Access to affordable healthcare: Healthcare is a human right and New Yorkers deserve high-quality medical coverage. Too many of our neighbors are unable to afford the treatment that they need, cannot access preventive care (which worsens their health and quality of life, and increases the cost of care later), and wind up forced to take on extreme debts just to receive essential medical care. We can change that, but it requires doing more than tinkering around the edges of a broken system. 

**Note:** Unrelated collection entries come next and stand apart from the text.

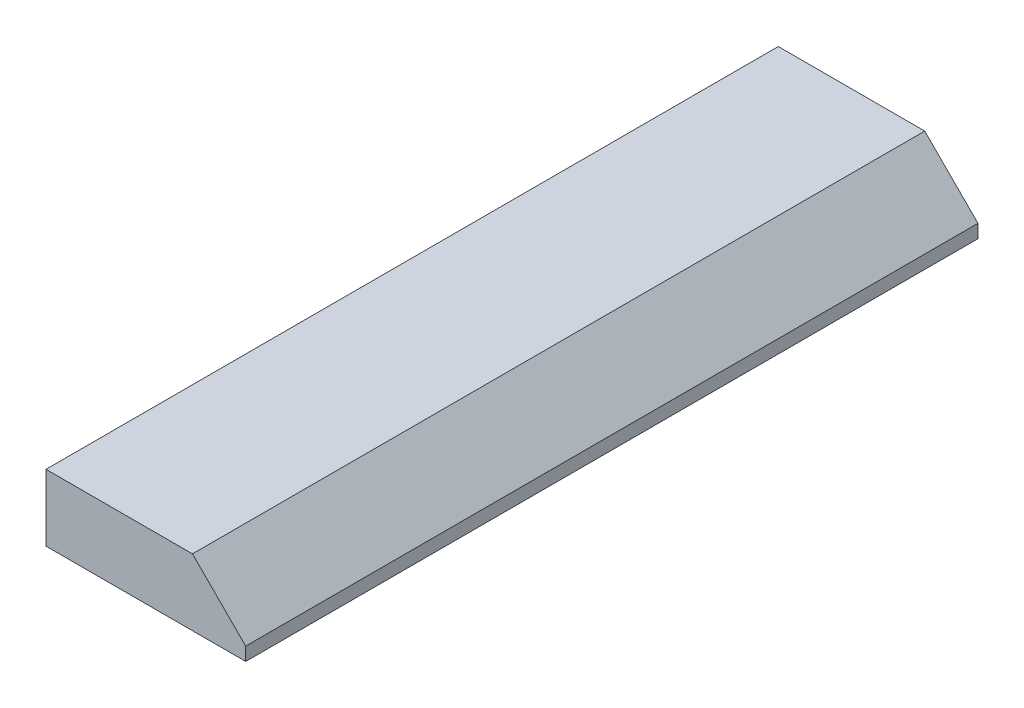
ISO-10303-21;
HEADER;
FILE_DESCRIPTION(('STEP AP214'),'2;1');
FILE_NAME('part.step','',(''),(''),'','','');
FILE_SCHEMA(('AUTOMOTIVE_DESIGN { 1 0 10303 214 1 1 1 1 }'));
ENDSEC;
DATA;
#1=APPLICATION_CONTEXT('core data for automotive mechanical design processes');
#2=APPLICATION_PROTOCOL_DEFINITION('international standard','automotive_design',2000,#1);
#3=PRODUCT_CONTEXT('',#1,'mechanical');
#4=PRODUCT('Part','Part','',(#3));
#5=PRODUCT_RELATED_PRODUCT_CATEGORY('part','',(#4));
#6=PRODUCT_DEFINITION_FORMATION('','',#4);
#7=PRODUCT_DEFINITION_CONTEXT('part definition',#1,'design');
#8=PRODUCT_DEFINITION('design','',#6,#7);
#9=PRODUCT_DEFINITION_SHAPE('','',#8);
#10=(LENGTH_UNIT() NAMED_UNIT(*) SI_UNIT(.MILLI.,.METRE.));
#11=(NAMED_UNIT(*) PLANE_ANGLE_UNIT() SI_UNIT($,.RADIAN.));
#12=(NAMED_UNIT(*) SI_UNIT($,.STERADIAN.) SOLID_ANGLE_UNIT());
#13=UNCERTAINTY_MEASURE_WITH_UNIT(LENGTH_MEASURE(1.E-05),#10,'distance_accuracy_value','');
#14=(GEOMETRIC_REPRESENTATION_CONTEXT(3) GLOBAL_UNCERTAINTY_ASSIGNED_CONTEXT((#13)) GLOBAL_UNIT_ASSIGNED_CONTEXT((#10,
#11,#12)) REPRESENTATION_CONTEXT('',''));
#15=CARTESIAN_POINT('',(0.,0.,0.));
#16=DIRECTION('',(0.,0.,1.));
#17=DIRECTION('',(1.,0.,0.));
#18=AXIS2_PLACEMENT_3D('',#15,#16,#17);
#19=CARTESIAN_POINT('',(0.,0.,69.85));
#20=DIRECTION('',(1.,0.,0.));
#21=DIRECTION('',(0.,0.,-1.));
#22=AXIS2_PLACEMENT_3D('',#19,#20,#21);
#23=PLANE('',#22);
#24=DIRECTION('',(0.,-1.,0.));
#25=VECTOR('',#24,1.);
#26=CARTESIAN_POINT('',(0.,0.,0.));
#27=LINE('',#26,#25);
#28=CARTESIAN_POINT('',(0.,6.34999999999999,0.));
#29=VERTEX_POINT('',#28);
#30=CARTESIAN_POINT('',(0.,0.,0.));
#31=VERTEX_POINT('',#30);
#32=EDGE_CURVE('E128',#29,#31,#27,.T.);
#33=ORIENTED_EDGE('',*,*,#32,.T.);
#34=DIRECTION('',(0.,0.,-1.));
#35=VECTOR('',#34,1.);
#36=CARTESIAN_POINT('',(0.,0.,69.85));
#37=LINE('',#36,#35);
#38=CARTESIAN_POINT('',(0.,0.,69.85));
#39=VERTEX_POINT('',#38);
#40=EDGE_CURVE('E11',#39,#31,#37,.T.);
#41=ORIENTED_EDGE('',*,*,#40,.F.);
#42=DIRECTION('',(0.,-1.,0.));
#43=VECTOR('',#42,1.);
#44=CARTESIAN_POINT('',(0.,0.,69.85));
#45=LINE('',#44,#43);
#46=CARTESIAN_POINT('',(0.,6.34999999999999,69.85));
#47=VERTEX_POINT('',#46);
#48=EDGE_CURVE('E141',#47,#39,#45,.T.);
#49=ORIENTED_EDGE('',*,*,#48,.F.);
#50=DIRECTION('',(0.,0.,-1.));
#51=VECTOR('',#50,1.);
#52=CARTESIAN_POINT('',(0.,6.34999999999999,69.85));
#53=LINE('',#52,#51);
#54=EDGE_CURVE('E124',#47,#29,#53,.T.);
#55=ORIENTED_EDGE('',*,*,#54,.T.);
#56=EDGE_LOOP('',(#33,#41,#49,#55));
#57=FACE_BOUND('',#56,.T.);
#58=ADVANCED_FACE('F39',(#57),#23,.F.);
#59=CARTESIAN_POINT('',(0.,0.,69.85));
#60=DIRECTION('',(0.,1.,0.));
#61=DIRECTION('',(0.,0.,1.));
#62=AXIS2_PLACEMENT_3D('',#59,#60,#61);
#63=PLANE('',#62);
#64=DIRECTION('',(1.,0.,0.));
#65=VECTOR('',#64,1.);
#66=CARTESIAN_POINT('',(0.,0.,0.));
#67=LINE('',#66,#65);
#68=CARTESIAN_POINT('',(19.05,0.,0.));
#69=VERTEX_POINT('',#68);
#70=EDGE_CURVE('E132',#31,#69,#67,.T.);
#71=ORIENTED_EDGE('',*,*,#70,.T.);
#72=DIRECTION('',(0.,0.,-1.));
#73=VECTOR('',#72,1.);
#74=CARTESIAN_POINT('',(19.05,0.,69.85));
#75=LINE('',#74,#73);
#76=CARTESIAN_POINT('',(19.05,0.,69.85));
#77=VERTEX_POINT('',#76);
#78=EDGE_CURVE('E48',#77,#69,#75,.T.);
#79=ORIENTED_EDGE('',*,*,#78,.F.);
#80=DIRECTION('',(1.,0.,0.));
#81=VECTOR('',#80,1.);
#82=CARTESIAN_POINT('',(0.,0.,69.85));
#83=LINE('',#82,#81);
#84=EDGE_CURVE('E99',#39,#77,#83,.T.);
#85=ORIENTED_EDGE('',*,*,#84,.F.);
#86=ORIENTED_EDGE('',*,*,#40,.T.);
#87=EDGE_LOOP('',(#71,#79,#85,#86));
#88=FACE_BOUND('',#87,.T.);
#89=ADVANCED_FACE('F163',(#88),#63,.F.);
#90=CARTESIAN_POINT('',(19.05,1.27000000000005,69.85));
#91=DIRECTION('',(-1.,0.,0.));
#92=DIRECTION('',(0.,0.,1.));
#93=AXIS2_PLACEMENT_3D('',#90,#91,#92);
#94=PLANE('',#93);
#95=DIRECTION('',(0.,1.,0.));
#96=VECTOR('',#95,1.);
#97=CARTESIAN_POINT('',(19.05,1.27000000000005,0.));
#98=LINE('',#97,#96);
#99=CARTESIAN_POINT('',(19.05,1.27000000000005,0.));
#100=VERTEX_POINT('',#99);
#101=EDGE_CURVE('E116',#69,#100,#98,.T.);
#102=ORIENTED_EDGE('',*,*,#101,.T.);
#103=DIRECTION('',(0.,0.,-1.));
#104=VECTOR('',#103,1.);
#105=CARTESIAN_POINT('',(19.05,1.27000000000005,69.85));
#106=LINE('',#105,#104);
#107=CARTESIAN_POINT('',(19.05,1.27000000000005,69.85));
#108=VERTEX_POINT('',#107);
#109=EDGE_CURVE('E113',#108,#100,#106,.T.);
#110=ORIENTED_EDGE('',*,*,#109,.F.);
#111=DIRECTION('',(0.,1.,0.));
#112=VECTOR('',#111,1.);
#113=CARTESIAN_POINT('',(19.05,1.27000000000005,69.85));
#114=LINE('',#113,#112);
#115=EDGE_CURVE('E104',#77,#108,#114,.T.);
#116=ORIENTED_EDGE('',*,*,#115,.F.);
#117=ORIENTED_EDGE('',*,*,#78,.T.);
#118=EDGE_LOOP('',(#102,#110,#116,#117));
#119=FACE_BOUND('',#118,.T.);
#120=ADVANCED_FACE('F114',(#119),#94,.F.);
#121=CARTESIAN_POINT('',(19.05,1.27000000000005,69.85));
#122=DIRECTION('',(-0.707106781186544,-0.707106781186551,0.));
#123=DIRECTION('',(0.707106781186551,-0.707106781186544,0.));
#124=AXIS2_PLACEMENT_3D('',#121,#122,#123);
#125=PLANE('',#124);
#126=DIRECTION('',(-0.707106781186551,0.707106781186544,0.));
#127=VECTOR('',#126,1.);
#128=CARTESIAN_POINT('',(19.05,1.27000000000005,0.));
#129=LINE('',#128,#127);
#130=CARTESIAN_POINT('',(13.97,6.35,0.));
#131=VERTEX_POINT('',#130);
#132=EDGE_CURVE('E83',#100,#131,#129,.T.);
#133=ORIENTED_EDGE('',*,*,#132,.T.);
#134=DIRECTION('',(0.,0.,-1.));
#135=VECTOR('',#134,1.);
#136=CARTESIAN_POINT('',(13.97,6.35,69.85));
#137=LINE('',#136,#135);
#138=CARTESIAN_POINT('',(13.97,6.35,69.85));
#139=VERTEX_POINT('',#138);
#140=EDGE_CURVE('E118',#139,#131,#137,.T.);
#141=ORIENTED_EDGE('',*,*,#140,.F.);
#142=DIRECTION('',(-0.707106781186551,0.707106781186544,0.));
#143=VECTOR('',#142,1.);
#144=CARTESIAN_POINT('',(19.05,1.27000000000005,69.85));
#145=LINE('',#144,#143);
#146=EDGE_CURVE('E108',#108,#139,#145,.T.);
#147=ORIENTED_EDGE('',*,*,#146,.F.);
#148=ORIENTED_EDGE('',*,*,#109,.T.);
#149=EDGE_LOOP('',(#133,#141,#147,#148));
#150=FACE_BOUND('',#149,.T.);
#151=ADVANCED_FACE('F120',(#150),#125,.F.);
#152=CARTESIAN_POINT('',(0.,6.34999999999999,69.85));
#153=DIRECTION('',(0.,-1.,0.));
#154=DIRECTION('',(1.,0.,0.));
#155=AXIS2_PLACEMENT_3D('',#152,#153,#154);
#156=PLANE('',#155);
#157=DIRECTION('',(-1.,0.,0.));
#158=VECTOR('',#157,1.);
#159=CARTESIAN_POINT('',(0.,6.34999999999999,0.));
#160=LINE('',#159,#158);
#161=EDGE_CURVE('E91',#131,#29,#160,.T.);
#162=ORIENTED_EDGE('',*,*,#161,.T.);
#163=ORIENTED_EDGE('',*,*,#54,.F.);
#164=DIRECTION('',(-1.,0.,0.));
#165=VECTOR('',#164,1.);
#166=CARTESIAN_POINT('',(0.,6.34999999999999,69.85));
#167=LINE('',#166,#165);
#168=EDGE_CURVE('E59',#139,#47,#167,.T.);
#169=ORIENTED_EDGE('',*,*,#168,.F.);
#170=ORIENTED_EDGE('',*,*,#140,.T.);
#171=EDGE_LOOP('',(#162,#163,#169,#170));
#172=FACE_BOUND('',#171,.T.);
#173=ADVANCED_FACE('F152',(#172),#156,.F.);
#174=CARTESIAN_POINT('',(0.,0.,69.85));
#175=DIRECTION('',(0.,0.,-1.));
#176=DIRECTION('',(-1.,0.,0.));
#177=AXIS2_PLACEMENT_3D('',#174,#175,#176);
#178=PLANE('',#177);
#179=ORIENTED_EDGE('',*,*,#48,.T.);
#180=ORIENTED_EDGE('',*,*,#84,.T.);
#181=ORIENTED_EDGE('',*,*,#115,.T.);
#182=ORIENTED_EDGE('',*,*,#146,.T.);
#183=ORIENTED_EDGE('',*,*,#168,.T.);
#184=EDGE_LOOP('',(#179,#180,#181,#182,#183));
#185=FACE_BOUND('',#184,.T.);
#186=ADVANCED_FACE('F106',(#185),#178,.F.);
#187=CARTESIAN_POINT('',(0.,0.,0.));
#188=DIRECTION('',(0.,0.,-1.));
#189=DIRECTION('',(-1.,0.,0.));
#190=AXIS2_PLACEMENT_3D('',#187,#188,#189);
#191=PLANE('',#190);
#192=ORIENTED_EDGE('',*,*,#32,.F.);
#193=ORIENTED_EDGE('',*,*,#161,.F.);
#194=ORIENTED_EDGE('',*,*,#132,.F.);
#195=ORIENTED_EDGE('',*,*,#101,.F.);
#196=ORIENTED_EDGE('',*,*,#70,.F.);
#197=EDGE_LOOP('',(#192,#193,#194,#195,#196));
#198=FACE_BOUND('',#197,.T.);
#199=ADVANCED_FACE('F148',(#198),#191,.T.);
#200=CLOSED_SHELL('',(#58,#89,#120,#151,#173,#186,#199));
#201=MANIFOLD_SOLID_BREP('B2',#200);
#202=ADVANCED_BREP_SHAPE_REPRESENTATION('',(#18,#201),#14);
#203=SHAPE_DEFINITION_REPRESENTATION(#9,#202);
ENDSEC;
END-ISO-10303-21;

My dear friend Ady Barkan, who died in 2023 after the most courageous 7-year battle, led the way in fighting for universal healthcare (including coverage for long-term care with living-wage pay for care workers), cornering Senator Jeff Flake on airplane, taking arrest in the hall of Congress many times, and delivering moving testimony at the first-ever hearing in Congress for Medicare for All. Be A Hero, the organization he founded, is organizing Americans to fight for the universal healthcare we all deserve.   


In Ady’s memory, alongside Be A Hero and other allies, I will champion Medicare for All in Congress to bring transformational changes to our broken healthcare system and make a reality out of our commitment that healthcare is a human right.